Exercise description - Only an exact copy of the lines beginning at the one that contains "circle A4 centre" and ending at the last line of the records below counts as the answer.

Saved entries -
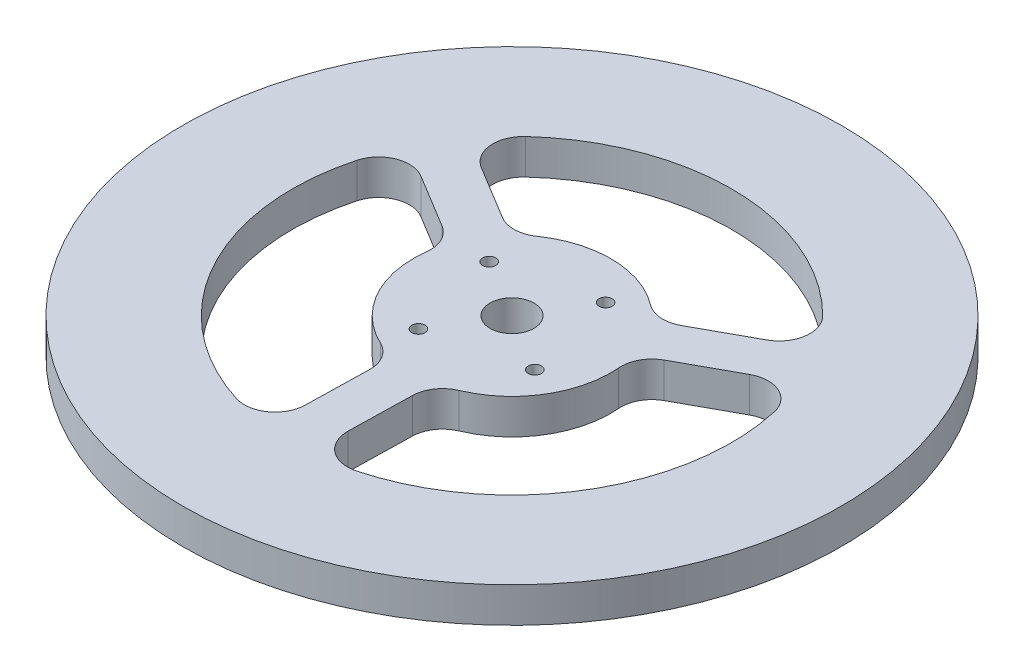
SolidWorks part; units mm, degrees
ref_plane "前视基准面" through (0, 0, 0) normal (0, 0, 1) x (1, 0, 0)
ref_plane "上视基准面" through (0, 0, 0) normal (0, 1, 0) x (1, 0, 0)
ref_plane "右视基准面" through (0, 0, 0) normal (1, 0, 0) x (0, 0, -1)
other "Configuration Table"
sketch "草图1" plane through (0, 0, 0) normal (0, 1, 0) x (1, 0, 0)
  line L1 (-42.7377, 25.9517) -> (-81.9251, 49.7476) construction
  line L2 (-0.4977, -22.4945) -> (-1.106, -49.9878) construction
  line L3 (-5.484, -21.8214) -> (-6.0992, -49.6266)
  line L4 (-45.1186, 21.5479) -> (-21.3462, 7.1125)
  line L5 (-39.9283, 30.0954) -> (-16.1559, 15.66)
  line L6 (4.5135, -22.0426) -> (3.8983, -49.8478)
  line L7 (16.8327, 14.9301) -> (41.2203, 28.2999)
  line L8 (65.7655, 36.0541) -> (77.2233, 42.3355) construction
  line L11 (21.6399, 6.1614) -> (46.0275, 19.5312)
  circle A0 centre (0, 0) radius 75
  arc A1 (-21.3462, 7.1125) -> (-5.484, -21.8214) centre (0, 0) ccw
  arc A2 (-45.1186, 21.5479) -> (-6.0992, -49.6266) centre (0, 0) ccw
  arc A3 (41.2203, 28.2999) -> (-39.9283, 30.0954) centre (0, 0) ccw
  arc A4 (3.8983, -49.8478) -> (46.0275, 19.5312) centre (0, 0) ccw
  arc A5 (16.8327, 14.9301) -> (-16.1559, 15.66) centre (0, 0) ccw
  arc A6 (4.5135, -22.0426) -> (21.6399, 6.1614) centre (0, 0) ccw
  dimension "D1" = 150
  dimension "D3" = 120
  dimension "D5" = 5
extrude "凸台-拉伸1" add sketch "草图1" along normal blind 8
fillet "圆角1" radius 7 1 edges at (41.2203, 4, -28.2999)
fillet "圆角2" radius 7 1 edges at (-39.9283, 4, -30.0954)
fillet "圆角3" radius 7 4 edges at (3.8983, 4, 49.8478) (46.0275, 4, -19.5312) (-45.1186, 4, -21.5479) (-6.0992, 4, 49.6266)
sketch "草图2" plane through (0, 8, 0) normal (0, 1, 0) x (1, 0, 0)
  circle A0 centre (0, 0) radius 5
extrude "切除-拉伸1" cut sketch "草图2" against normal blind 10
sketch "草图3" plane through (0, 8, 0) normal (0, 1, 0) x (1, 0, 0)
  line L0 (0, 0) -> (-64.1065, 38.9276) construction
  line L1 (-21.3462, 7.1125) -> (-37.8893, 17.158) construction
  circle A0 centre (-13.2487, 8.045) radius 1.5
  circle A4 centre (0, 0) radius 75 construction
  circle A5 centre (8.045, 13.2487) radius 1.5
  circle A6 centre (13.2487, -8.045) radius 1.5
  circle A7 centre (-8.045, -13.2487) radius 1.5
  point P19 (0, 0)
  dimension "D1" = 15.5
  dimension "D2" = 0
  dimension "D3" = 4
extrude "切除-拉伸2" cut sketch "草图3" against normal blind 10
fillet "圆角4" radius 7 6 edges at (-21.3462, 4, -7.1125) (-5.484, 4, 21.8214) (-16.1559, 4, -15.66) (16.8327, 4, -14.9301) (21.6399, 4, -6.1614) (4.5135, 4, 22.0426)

Written response -
  circle A4 centre (0, 0) radius 75 construction
  circle A5 centre (8.045, 13.2487) radius 1.5
  circle A6 centre (13.2487, -8.045) radius 1.5
  circle A7 centre (-8.045, -13.2487) radius 1.5
  point P19 (0, 0)
  dimension "D1" = 15.5
  dimension "D2" = 0
  dimension "D3" = 4
extrude "切除-拉伸2" cut sketch "草图3" against normal blind 10
fillet "圆角4" radius 7 6 edges at (-21.3462, 4, -7.1125) (-5.484, 4, 21.8214) (-16.1559, 4, -15.66) (16.8327, 4, -14.9301) (21.6399, 4, -6.1614) (4.5135, 4, 22.0426)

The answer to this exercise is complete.